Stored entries
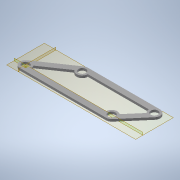
# Autodesk Inventor part: Plastic poging
Saved by Autodesk Inventor 2021 (Build 250183000, 183)
## iProperties
Manager: PJ / DCS
Company: Emmaüs Bovenbouw Aalter
Created: 2021-02-07
Part Number: Plastic poging
Material: S235
Catalog Web Link: http://emmausbovenbouw.op-weg.be/
Vendor: Emmaüsinstituut Bovenbouw Aalter
Document SubType Name: Modeling
Designer: Antho
Engineer: Declercq St.
Manufacturer: Standard
Standards Organization: Custom
Density: 7.86 g/cm^3
Appearance: Steel
Title: Algemene titel
Subject: Specifieke titel
Author: Antho
Keywords: Ruwe Ø xxxxx
Comments: Opmerking
Autodesk Inventor part; units mm, degrees
sketch "Sketch1" plane through (0, 0, 0) normal (0, 0, 1) x (1, 0, 0)
  line L0 (0, 39.622) -> (0, -39.622) construction
  line L1 (-80.0891, 0) -> (80.0891, 0) construction
  line L2 (0, 0) -> (191.205, 0)
  line L3 (191.205, 0) -> (235.078, 0)
  line L4 (235.078, 0) -> (235.078, 51)
  line L5 (191.205, 0) -> (235.078, 51)
  line L6 (0, 0) -> (74.795, 51)
  line L7 (74.795, 51) -> (235.078, 51)
  circle A0 centre (74.795, 51) radius 8
  circle A1 centre (235.078, 51) radius 8
  circle A2 centre (0, 0) radius 8
  circle A3 centre (0, 0) radius 12.5
  circle A4 centre (74.795, 51) radius 12.5
  circle A5 centre (235.078, 51) radius 12.5
  circle A6 centre (191.205, 0) radius 8
  circle A7 centre (191.205, 0) radius 12.5
  line L8 (0, -12.5) -> (191.205, -12.5)
  line L9 (67.4862, 61.1406) -> (-7.0415, 10.328)
  line L10 (245.078, 43.5) -> (200.6845, -8.148)
  line L11 (74.795, 63.5) -> (235.078, 63.5)
  point P0 (10.3276, 7.042)
  point P1 (64.4674, 43.958)
  point P2 (87.295, 51)
  point P3 (222.578, 51)
  point P4 (226.9261, 41.5239)
  point P5 (199.3569, 9.4761)
  point P6 (178.705, 0)
  point P7 (12.5, 0)
  dimension "d0" = 191.205
  dimension "d1" = 43.873
  dimension "d2" = 51
  dimension "d5" = 51
  dimension "d6" = 74.795
  dimension "d7" = 160.283
  dimension "d8" = 16
  dimension "d9" = 16
  dimension "d11" = 16
  dimension "d12" = 25
  dimension "d13" = 25
  dimension "d14" = 25
  dimension "d16" = 16
  dimension "d17" = 25
  constraints: 24 end point, 9 coincident, 8 centre point, 8 point on circle, 4 tangent, 3 horizontal, 2 midpoint, 2 vertical, 1 point on line
  measures "d0" distance of L2.start L2.end
  measures "d1" distance of L2.end L3.end
  measures "d2" distance of L3.end L4.end
  measures "d5" vertical distance of L2.start L6.end
  measures "d6" horizontal distance of L2.start L6.end
  measures "d7" distance of L6.end L4.end
  measures "d8" diameter of A0
  measures "d9" diameter of A1
  measures "d11" diameter of A2
  measures "d12" diameter of A3
  measures "d13" diameter of A4
  measures "d14" diameter of A5
  measures "d16" diameter of A6
  measures "d17" diameter of A7
extrude "Extrusion1" add sketch "Sketch1" along normal blind 5 contours A2 L6 A3 L2 | L2 A3 L6 A2 | L2 A7 L8 A3 | A3 L9 A4 L6 | A7 L5 A6 L2 | L2 A6 L3 A7 | A4 L7 A0 L6 | L6 A0 L7 A4 | A7 L3 A6 L5 | L5 A5 L4 L10 L3 A7 | A4 L11 A5 L7 | A5 L7 A1 L5 | L5 A1 L4 A5 | L3 L10 A7 | A5 L10 L4 A1 L7 | A5 L10 L4
body "Solid1"
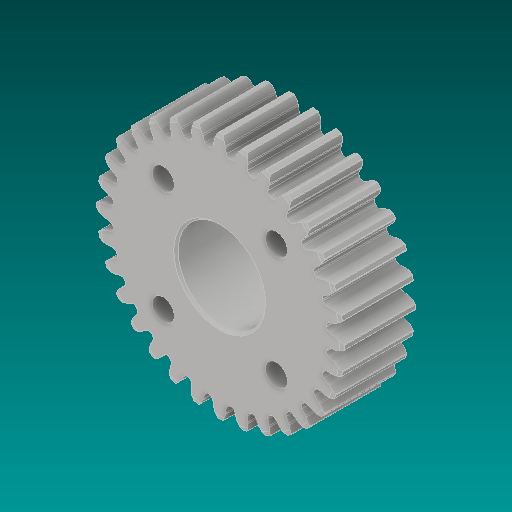
# Autodesk Inventor part: GEABP1.0-32-10-A-12-KFC22-K3_b
Saved by Autodesk Inventor 2020 (Build 240168000, 168)
## iProperties
Created: 2022-11-01
Part Number: GEABP1.0-32-10-A-12-KFC22-K3_b
Material: Generic
Catalog Web Link: www.cadenas.de
Description: GEABM, GEABMS, GEABMT, GEABP, GEABPS, GEABPT, GEABA, GEABAS, GEABAT_body-Plastic Spur Gears - Pressure Angle 20 Degrees, Module 0.5/0.8/1.0/1.5/2.0/2.5/3.0
Vendor: MISUMI
Document SubType Name: Modeling
Designer: psAdmin
Manufacturer: MISUMI
Mass: 6.51664 g
Surface Area: 40.015 cm^2
Volume: 6.51664 cm^3
Density: 1 g/cm^3
Appearance: PSOLRGB-175-175-175
Category: PARTsolutions
Company: MISUMI
PSOL_IDENT_0: {$CADENAS_DATA/23d-libs/misumi/metric/54_spur_gears/geabms20/geabms20.prj},408 {VTYP=3D},{NB=GEABP1.
PSOL_IDENT_1: 0-32-10-A-12-KFC22-K3_b},{LINA=GEABP1.0-32-10-A-12-KFC22-K3},{NN=GEABM, GEABMS, GEABMT, GEABP, GEABP
PSOL_IDENT_2: S, GEABPT, GEABA, GEABAS, GEABAT_body},{DATE=17.10.2022 23:48:33},{GEOMDATE=14.09.2022 05:11:00},{VE
PSOL_IDENT_3: RSION=},{LINEID=30},{WBVAR=MATSG,MATCR,NT,B,TS,PS,ALT1,ALT2,TPC,ALT11,ALT10,BS,ALT3,Z,J,ALT4,Q,R,S,T
PSOL_IDENT_4: ,ALT5,LFC,LTC,MALT5,ALT6,KFC,KTC,K},{WBNUMERIC=NT,B,BS,Z,J,Q,R,S,T,LFC,LTC,KFC,KTC,K}  {NB=GEABP1.0-
PSOL_IDENT_5: 32-10-A-12-KFC22-K3_b},{LINA=GEABP1.0-32-10-A-12-KFC22-K3},{KT=DUMMY},{PN=GEABP1.0-32-10-A-12-KFC22-
PSOL_IDENT_6: K3},{TYPE=GEABP},{MATSG=PW},{MATSGALG='MCN','MC Nylon','PW','Polyacetal White','PB','Polyacetal Blue'
PSOL_IDENT_7: },{MATCR=},{MATCRALG='','-','S45C','1045 Carbon Steel','SUS304','304 Stainless Steel'},{MOD=1.0},{MO
PSOL_IDENT_8: D1=1.0},{NT=32},{NTALG=15,16,18,20,22,24,25,26,28,30,32,35,36,40,45,48,50,55,60,70,75,80,90,100,120}
PSOL_IDENT_9: ,{B=10},{BALG=10,15},{TS=A},{TSALG='A','A','B','B'},{TSPN=-A},{PS=12},{PSALG='10','10','11','11','12'
PSOL_IDENT_10: ,'12','13','13','14','14','15','15','16','16','17','17','18','18'},{PSCRL='10','10','11','11','12','
PSOL_IDENT_11: 12','13','13','14','14','15','15','16','16','17','17','18','18'},{PSCRW='10','10','12','12'},{DD=32.
PSOL_IDENT_12: 0},{DD05=16},{DD08=25.6},{DD10=32},{DD15=48},{DD20=64},{DD25=80},{DD30=96},{D=34.0},{D05=17},{D08=27
PSOL_IDENT_13: .2},{D10=34},{D15=51},{D20=68},{D25=85},{D30=102},{G=29.50},{G05=14.75},{G08=23.6},{G10=29.5},{G15=4
PSOL_IDENT_14: 4.25},{G20=59},{G25=73.75},{G30=88.5},{H=0.0},{L=0},{LL1=0},{LL2=0.0},{M=-},{M3D=0},{P=12.00},{DD1=0
PSOL_IDENT_15: },{CIFR=15},{CIFM=0},{CIFK=0},{CIFTAP=0},{ALT1=},{ALT1ALG='','Not applicable'},{ALT1PN=},{ALT2=},{AL
PSOL_IDENT_16: T2ALG='','Not applicable'},{TPC=N/A},{TPCALG='N/A'},{ALT2PN=},{KC=0},{ALT11=},{ALT11ALG='','Not appl
PSOL_IDENT_17: icable'},{ALT11PN=},{DEG=0},{ALT10=},{ALT10ALG= '','Not applicable' },{ALT10PN=},{BS=0.0},{BSALG=0},
PSOL_IDENT_18: {BSMIN=3},{BSMINALG=3.000},{BSMAX=0},{LL13D=0},{LL23D=0},{LBS=10},{ALT3=},{ALT3ALG= '','w/o Stepped
PSOL_IDENT_19: Hole','DHL','with DHL (Stepped Hole)','DHR','with DHR (Stepped Hole)' },{ALT3PN=},{ZJPN=},{ALT31=1},
PSOL_IDENT_20: {ALT32=1},{Z=0},{ZALG=0},{ZMINL=14},{ZMAXL=25},{ZMINR=14},{ZMAXR=25},{ZPN=},{J=0.0},{JALG=0},{JMIN=2
PSOL_IDENT_21: },{JMAX=0},{JPN=},{ALT4=},{ALT4ALG= '','w/o WDH (Both Ends Stepped Hole)','WDH','with WDH (Both Ends
PSOL_IDENT_22: Stepped Hole)' },{ALT4PN=},{QRSTPN=},{LB=10.000},{Q=0},{QALG=0},{QMIN=14},{QMAX=25},{QPN=},{R=0},{R
PSOL_IDENT_23: ALG=0},{RMIN=14},{RMAX=25},{RPN=},{S=0},{SALG=0},{SMIN=3},{SMAX=4},{SPN=},{T=0},{TALG=0},{TMIN=3},{T
PSOL_IDENT_24: MAX=0},{TPN=},{ALT5=},{ALT5ALG= '','w/o Side Slotted Hole','LFC','with LFC (Side Slotted Hole)','LTC'
PSOL_IDENT_25: ,'with LTC (Side Slotted Hole)' },{LFC=0},{LFCALG=0},{LTC=0},{LTCALG=0},{LPCDMIN=20},{LPCDMAX=22},{L
PSOL_IDENT_26: CMAX=25},{MALT5=N/A},{MALT5ALG= 'N/A' },{LCMAX2=22},{C=0.0},{ALT5PN=},{ALT6=KFC},{ALT6ALG= '','w/o S
PSOL_IDENT_27: ide Through Hole','KFC','with KFC (Side Through Hole)','KTC','with KTC (Side Through Hole)' },{ALT6P
PSOL_IDENT_28: N=-KFC},{KFTCPN=22-K3},{KFC=22},{KFCALG=[19:22/1]},{KFCPN=22},{KTC=0},{KTCALG=[0]},{KTCPN=},{KPCDMIN
PSOL_IDENT_29: 1=19},{KPCDMAX1=-7},{KPCDMIN2=7},{KPCDMAX2=22},{K=3.0},{KALG=[3:3.5/0.5]},{KPCD=22},{KPN=-K3},{SCREW=
PSOL_IDENT_30: 0},{SCREWL=0},{AG=0},{PCD=22},{SHN=4},{SHDEG1=45},{SHDEG2=90},{PZQRDD2=12},{D1=2.8125},{D2=5.625},{D
PSOL_IDENT_31: 3=20},{D4=0.1},{D5=5.333333},{D6=4.923077},{D7=0.85},{D8=0.5},{D9=0.821781},{S1=15},{S2=0.5},{KR=15}
NB: GEABP1.0-32-10-A-12-KFC22-K3_b
NN: GEABM, GEABMS, GEABMT, GEABP, GEABPS, GEABPT, GEABA, GEABAS, GEABAT_body
NT: 32
NBSYN: $PN._b
LINA: GEABP1.0-32-10-A-12-KFC22-K3
CATALOG: Misumi
PN: GEABP1.0-32-10-A-12-KFC22-K3
MATSG: Polyacetal White
MATCR: -
MOD: 1.0
B: 10
TS: A
PS: 12
DD: 32
D: 34
G: 29.5
H: 0
L: 0
LL1: 0
LL2: 0
M: -
DD1: 0
ALT1: Not applicable
ALT2: Not applicable
TPC: N/A
ALT11: Not applicable
ALT10: Not applicable
BS: 0
ALT3: w/o Stepped Hole
Z: 0
J: 0
ALT4: w/o WDH (Both Ends Stepped Hole)
Q: 0
R: 0
S: 0
T: 0
ALT5: w/o Side Slotted Hole
LFC: 0
LTC: 0
MALT5: N/A
C: 0
ALT6: with KFC (Side Through Hole)
KFC: 22
KTC: 0
K: 3
SUPPLIER: MISUMI
ARTICLENO: GEABP1.0-32-10-A-12-KFC22-K3_b
BOMINFO: GEABP1.0-32-10-A-12-KFC22-K3
CREATOR: CADENAS GmbH
Title: GEABP1.0-32-10-A-12-KFC22-K3
Author: Cadenas PARTsolutions
Comments: Plastic Spur Gears - Pressure Angle 20 Degrees, Module 0.5/0.8/1.0/1.5/2.0/2.5/3.0
Autodesk Inventor part; units mm, degrees
ref_plane "YZ Plane" through (0, 0, 0) normal (1, 0, 0) x (0, 1, 0)
ref_plane "XZ Plane" through (0, 0, 0) normal (0, 1, 0) x (-1, 0, 0)
ref_plane "XY Plane" through (0, 0, 0) normal (0, 0, 1) x (1, 0, 0)
sketch "_____3" plane through (0, 0, 0) normal (1, 0, 0) x (0, 0, -1)
  line L0 (10, 0) -> (0, 0)
  line L1 (0, 0) -> (0, 16.5)
  line L2 (0, 16.5) -> (0.6699, 19)
  line L3 (0.6699, 19) -> (9.3301, 19)
  line L4 (9.3301, 19) -> (10, 16.5)
  line L5 (10, 16.5) -> (10, 0)
  line L6 (10, 0) -> (0, 0)
  constraints: 14 end point
revolve "Revolution1" add sketch "_____3" angle 360 about axis through (0, 0, -10) along (0, 0, -1)
sketch "_____12" plane through (0, 0, 0) normal (0, 0, 1) x (1, 0, 0)
  circle A0 centre (0, 0) radius 68
  arc A1 (-16.9975, 0.2932) -> (-16.9975, -0.2932) centre (0, 0) ccw
  arc A2 (-16.9975, -0.2932) -> (-16.9451, -0.3794) centre (-16.8975, -0.2914) ccw
  arc A3 (-16.9451, -0.3794) -> (-15.9807, -0.7851) centre (-14.4047, 4.3101) ccw
  arc A4 (-15.9807, -0.7851) -> (-15.7971, -0.8196) centre (-15.7379, 0) ccw
  arc A5 (-15.0745, -0.9267) -> (-15.7971, -0.8196) centre (-16.1556, -5.7297) ccw
  arc A6 (-14.6864, -1.3682) -> (-15.0745, -0.9267) centre (-15.1843, -1.4145) ccw
  arc A7 (-14.6864, -1.3682) -> (-14.6711, -1.5233) centre (0, 0) ccw
  arc A8 (-14.9656, -2.0319) -> (-14.6711, -1.5233) centre (-15.1685, -1.5749) ccw
  arc A9 (-15.6535, -2.278) -> (-14.9656, -2.0319) centre (-16.9629, 2.4678) ccw
  arc A10 (-15.6535, -2.278) -> (-15.8268, -2.3477) centre (-15.4355, -3.0703) ccw
  arc A11 (-15.8268, -2.3477) -> (-16.6935, -2.9338) centre (-13.2871, -7.0375) ccw
  arc A12 (-16.6935, -2.9338) -> (-16.7281, -3.0285) centre (-16.6297, -3.0107) ccw
  arc A13 (-16.7281, -3.0285) -> (-16.6137, -3.6036) centre (0, 0) ccw
  arc A14 (-16.6137, -3.6036) -> (-16.5455, -3.6779) centre (-16.516, -3.5824) ccw
  arc A15 (-16.5455, -3.6779) -> (-15.5205, -3.8877) centre (-14.9688, 1.417) ccw
  arc A16 (-15.5205, -3.8877) -> (-15.3337, -3.8858) centre (-15.4355, -3.0703) ccw
  arc A17 (-14.604, -3.8498) -> (-15.3337, -3.8858) centre (-14.7273, -8.7714) ccw
  arc A18 (-14.1373, -4.2071) -> (-14.604, -3.8498) centre (-14.6165, -4.3497) ccw
  arc A19 (-14.1373, -4.2071) -> (-14.092, -4.3562) centre (0, 0) ccw
  arc A20 (-14.2816, -4.9125) -> (-14.092, -4.3562) centre (-14.5697, -4.5039) ccw
  arc A21 (-14.9083, -5.288) -> (-14.2816, -4.9125) centre (-17.1184, -0.889) ccw
  arc A22 (-14.9083, -5.288) -> (-15.0647, -5.3902) centre (-14.5399, -6.0226) ccw
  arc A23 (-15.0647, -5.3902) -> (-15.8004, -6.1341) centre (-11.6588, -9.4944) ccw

**ABOUT THIS TASK**
Copy word for word the stretch of entries above from the line that has "Volume: 6.51664 cm^3" through the line that has "Nylon','PW','Polyacetal White','PB','Polyacetal Blue'", both ends included, and nothing outside it.

**TASK RESPONSE**
Volume: 6.51664 cm^3
Density: 1 g/cm^3
Appearance: PSOLRGB-175-175-175
Category: PARTsolutions
Company: MISUMI
PSOL_IDENT_0: {$CADENAS_DATA/23d-libs/misumi/metric/54_spur_gears/geabms20/geabms20.prj},408 {VTYP=3D},{NB=GEABP1.
PSOL_IDENT_1: 0-32-10-A-12-KFC22-K3_b},{LINA=GEABP1.0-32-10-A-12-KFC22-K3},{NN=GEABM, GEABMS, GEABMT, GEABP, GEABP
PSOL_IDENT_2: S, GEABPT, GEABA, GEABAS, GEABAT_body},{DATE=17.10.2022 23:48:33},{GEOMDATE=14.09.2022 05:11:00},{VE
PSOL_IDENT_3: RSION=},{LINEID=30},{WBVAR=MATSG,MATCR,NT,B,TS,PS,ALT1,ALT2,TPC,ALT11,ALT10,BS,ALT3,Z,J,ALT4,Q,R,S,T
PSOL_IDENT_4: ,ALT5,LFC,LTC,MALT5,ALT6,KFC,KTC,K},{WBNUMERIC=NT,B,BS,Z,J,Q,R,S,T,LFC,LTC,KFC,KTC,K}  {NB=GEABP1.0-
PSOL_IDENT_5: 32-10-A-12-KFC22-K3_b},{LINA=GEABP1.0-32-10-A-12-KFC22-K3},{KT=DUMMY},{PN=GEABP1.0-32-10-A-12-KFC22-
PSOL_IDENT_6: K3},{TYPE=GEABP},{MATSG=PW},{MATSGALG='MCN','MC Nylon','PW','Polyacetal White','PB','Polyacetal Blue'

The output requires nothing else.